Versione di Cicerone

Soddisfazioni di chi coltiva la terra (Maturità magistrale 2000)

Traduzione della Versione "Soddisfazioni di chi coltiva la terra (Maturità magistrale 2000)" di Cicerone

Testo Originale Latino

Venio nunc ad voluptates agricolarum, quibus ego incredibiliter delector, quae nec ulla impediuntur senectute et mihi ad sapientis vitam proxime videntur accedere. Habent enim rationem cum terra, quae numquam recusat imperium nec umquam sine usura reddit quod accepit, sed alias minore, plerumque maiore cum faenore; quamquam me quidem non fructus modo, sed etiam ipsius terrae vis ac natura delectat. Quae cum gremio mollito ac subacto sparsum semen excepit, primum id occaecatum cohibet, ex quo occatio quae hoc efficit nominata est; deinde tepefactum vapore et compressu suo diffundit et elicit herbescentem ex eo viriditatem, quae nixa fibris stirpium sensim adolescit et culmoque erecta geniculato vaginis iam quasi pubescens includitur; e quibus cum emersit, fundit frugem spici ordine structam et contra avium minorum morsus munitur vallo aristarum. Quid ego vitium ortus satus incrementa commemorem? Satiari delectatione non possum, ut meae senectutis requiem oblectamentumque noscatis. Omitto enim vim ipsam omnium quae generantur e terra, quae ex fici tantulo grano aut ex acini vinaceo aut ex ceterarum frugum aut stirpium minutissimis seminibus tantos truncos ramosque procreet; malleoli plantae sarmenta viviradices propagines nonne efficiunt ut quemvis cum admiratione delectent?.

Traduzione Italiana

Ora vengo ai piaceri degli agricoltori, dei quali mi diletto incredibilmente: essi non sono affatto impediti dalla vecchiaia1 e mi sembra che si avvicinino moltissimo alla vita del sapiente.

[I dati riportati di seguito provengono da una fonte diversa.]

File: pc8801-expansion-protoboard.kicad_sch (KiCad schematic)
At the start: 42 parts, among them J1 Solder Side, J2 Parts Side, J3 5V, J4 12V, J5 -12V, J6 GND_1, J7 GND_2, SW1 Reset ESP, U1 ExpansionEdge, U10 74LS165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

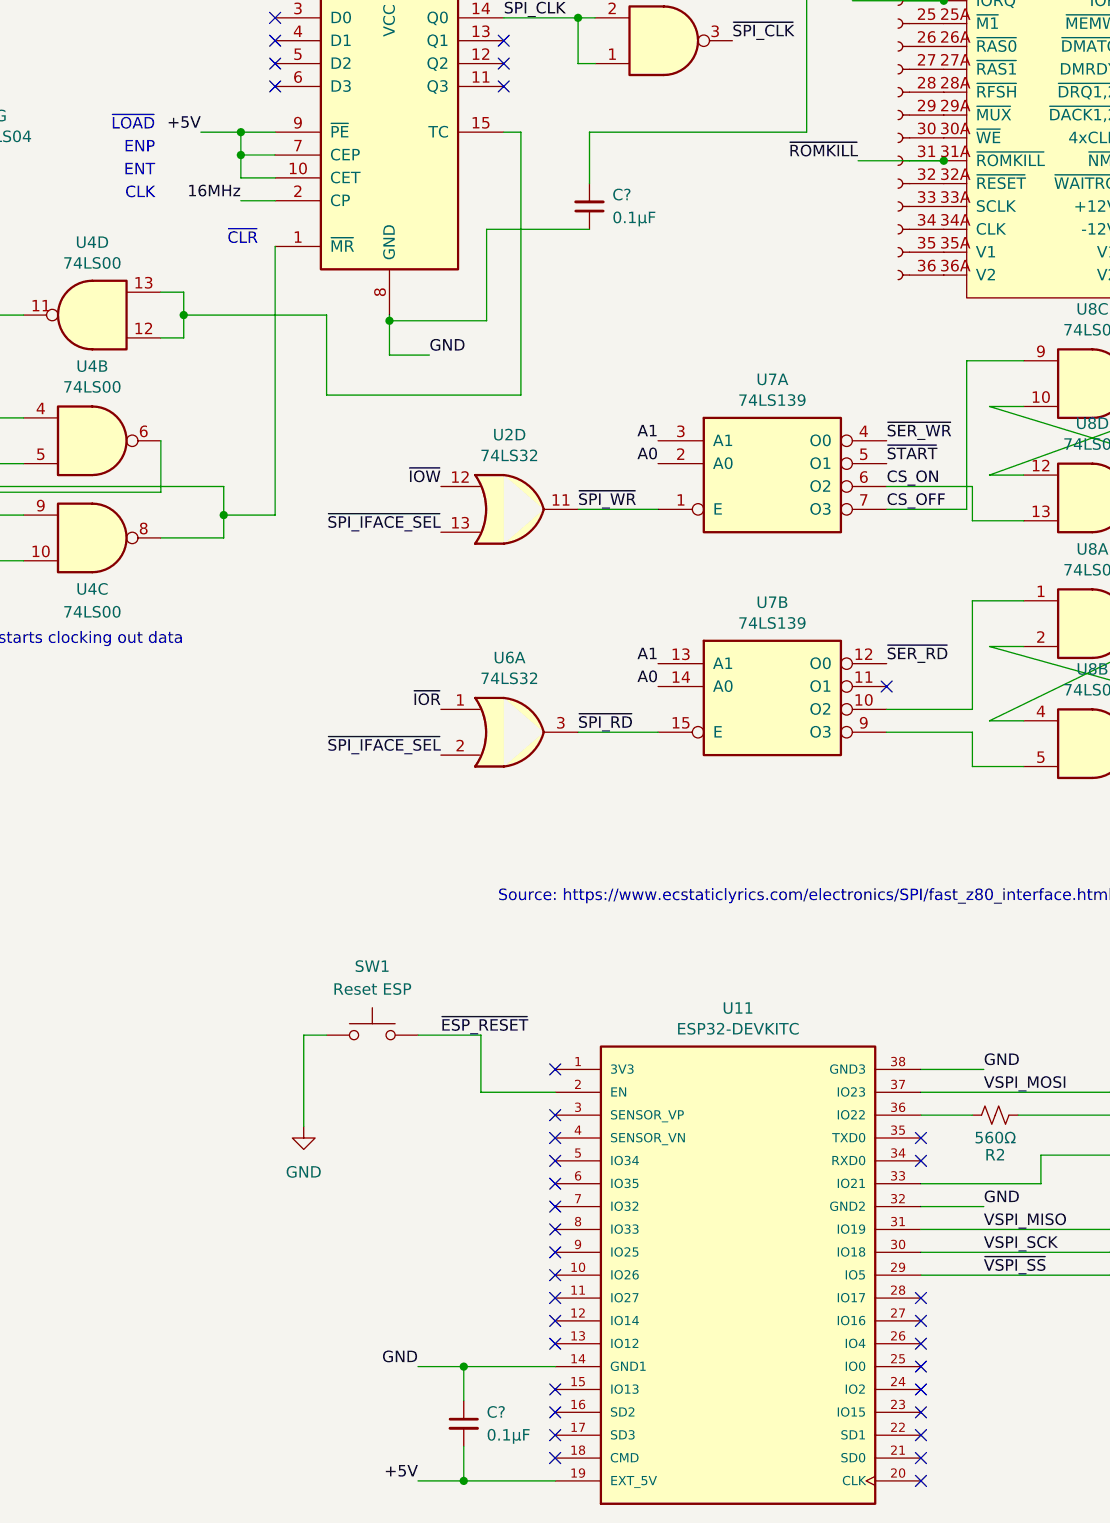
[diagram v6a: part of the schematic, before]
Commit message: Wire ESP32 to system reset
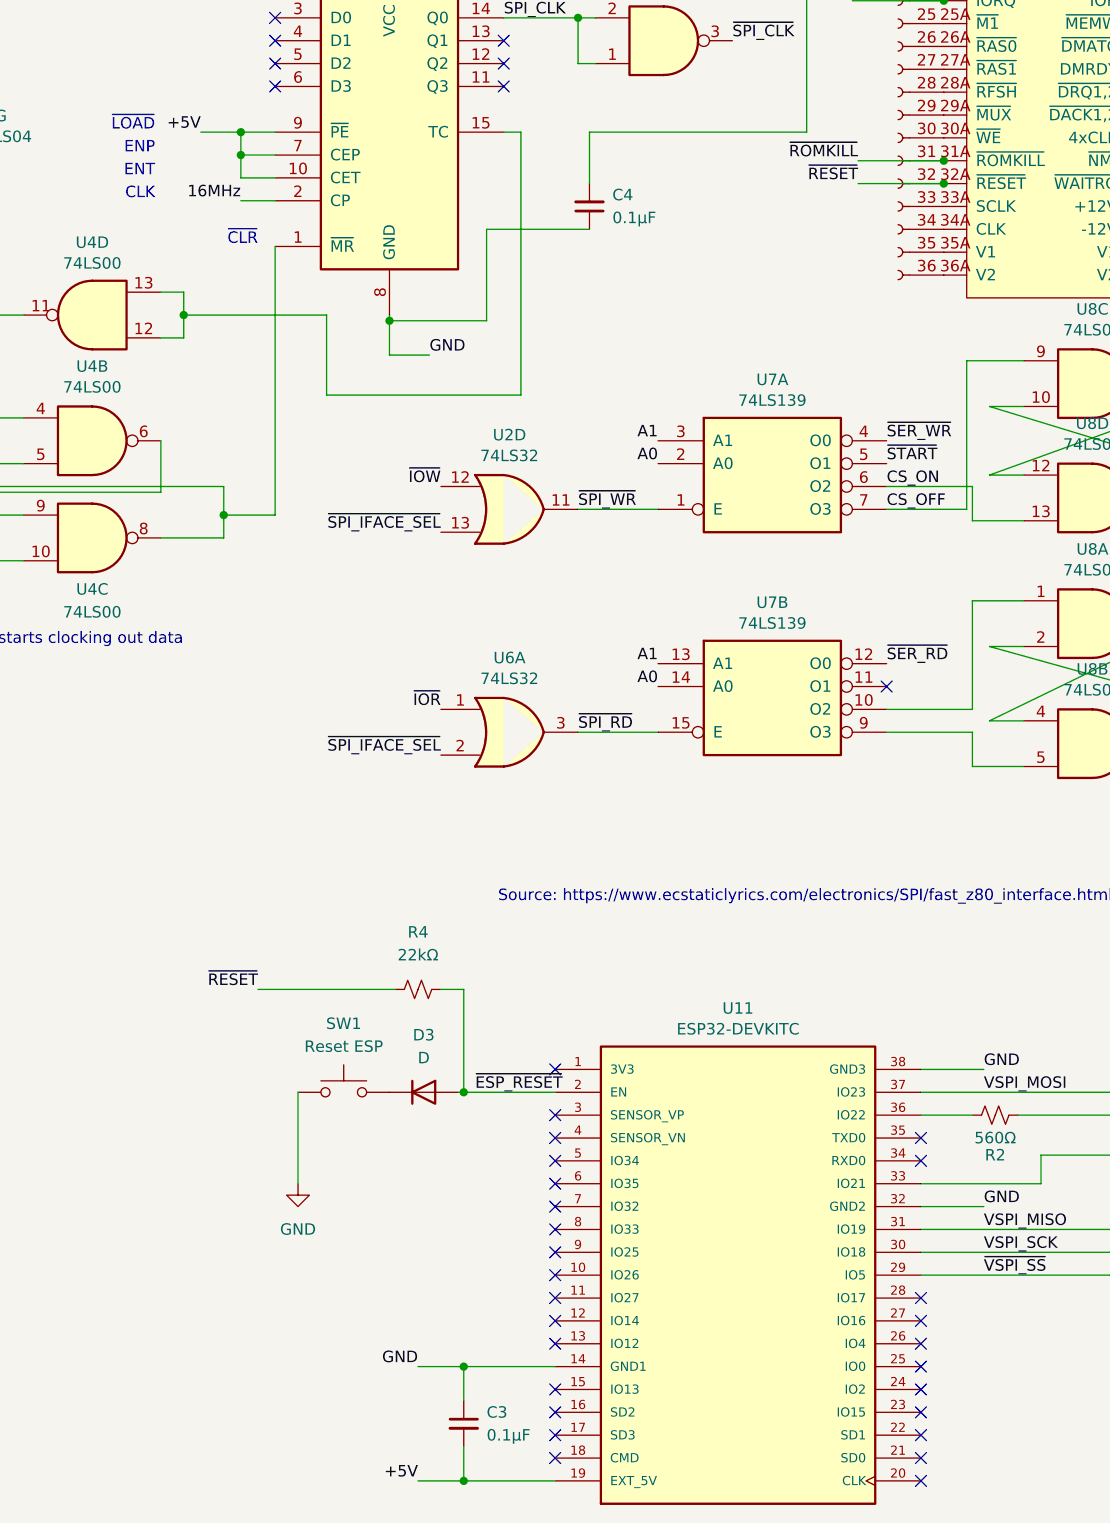
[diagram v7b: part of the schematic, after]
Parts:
- added D3: D, Diode_THT:D_A-405_P10.16mm_Horizontal, symbol Device:D
- added R4: 22kΩ, Resistor_THT:R_Axial_DIN0207_L6.3mm_D2.5mm_P10.16mm_Horizontal, symbol Device:R_Small_US
- gave numbers to parts that had none: 2
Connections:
- net ~{ESP_RESET}: now also D3.2 (A), R4.2; no longer SW1.2
- net ~{RESET}: now reaches J1.32 (Pin_32), U1.32A (~{RESET})
- net ~{RESET}: now also R4.1
- new net: D3.1 (K), SW1.2
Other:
- moved on the sheet: SW1
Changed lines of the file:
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@@
   (junction (at 135.89 60.325) (diameter 0) (color 0 0 0 0)
   )
+  (junction (at 82.55 227.33) (diameter 0) (color 0 0 0 0)
+  )
   (junction (at 135.89 123.825) (diameter 0) (color 0 0 0 0)
   )
@@
   )
   (junction (at 158.75 80.645) (diameter 0) (color 0 0 0 0)
+  )
+  (junction (at 135.89 126.365) (diameter 0) (color 0 0 0 0)
   )
   (junction (at 178.435 47.625) (diameter 0) (color 0 0 0 0)
@@
     (stroke (width 0) (type default) (color 0 0 0 0))
   )
-  (wire (pts (xy 84.455 227.33) (xy 84.455 220.98))
-    (stroke (width 0) (type default) (color 0 0 0 0))
-  )
   (wire (pts (xy 135.89 70.485) (xy 111.76 70.485))
     (stroke (width 0) (type default) (color 0 0 0 0))
@@
     (stroke (width 0) (type default) (color 0 0 0 0))
   )
+  (wire (pts (xy 80.01 215.9) (xy 82.55 215.9))
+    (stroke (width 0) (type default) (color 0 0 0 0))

Gli agricoltori sono infatti in stretto rapporto con la terra, che mai rifiuta un ordine né mai restituisce senza interesse ciò che ha ricevuto, ma alcune volte con una rendita minore, il più delle volte con una maggiore. Per quanto, certamente, non mi dilettano solo i frutti, ma anche la forza e la natura della terra stessa. Ed essa, quando riceve nel suo grembo soffice e dissodato il seme sparso, dapprima lo ricopre e trattiene - da ciò è stata detta "occatio" questa operazione4 - poi, reso tiepido dal calore della terra, con la sua pressione lo schiude [oppure: dopo averlo intiepidito con il suo calore e la sua pressione, lo fa schiudere; oppure: dopo averlo intiepidito con il suo calore, lo fa uscire dal suo abbraccio] e sprigiona da esso un verde che germoglia in erba, che, appoggiandosi sulle fibre delle radici, a poco a poco cresce e, levatosi su un gambo nodoso, già quasi sviluppandosi, viene avvolto in guaine; e quando emerge da esse, tira fuori un frutto in forma di spiga e contro i morsi degli uccellini è protetto da un vallo di ariste. Perché ricordarvi la nascita, la semina, la crescita delle viti? Non riesco a saziarmi del piacere che ne deriva, (lo dico) affinché possiate conoscere la pace e la gioia della mia vecchiaia. Tralascio infatti la forza stessa di tutte le cose che sono generate dalla terra, tale che da un granellino di fico o da un vinacciolo o dai minutissimi semi delle altre messi o piante produce tronchi e rami tanto grossi: magliuoli, piantoni, sarmenti, barbatelle, propaggini, non producono forse sensazioni tali da dilettare e stupire chiunque?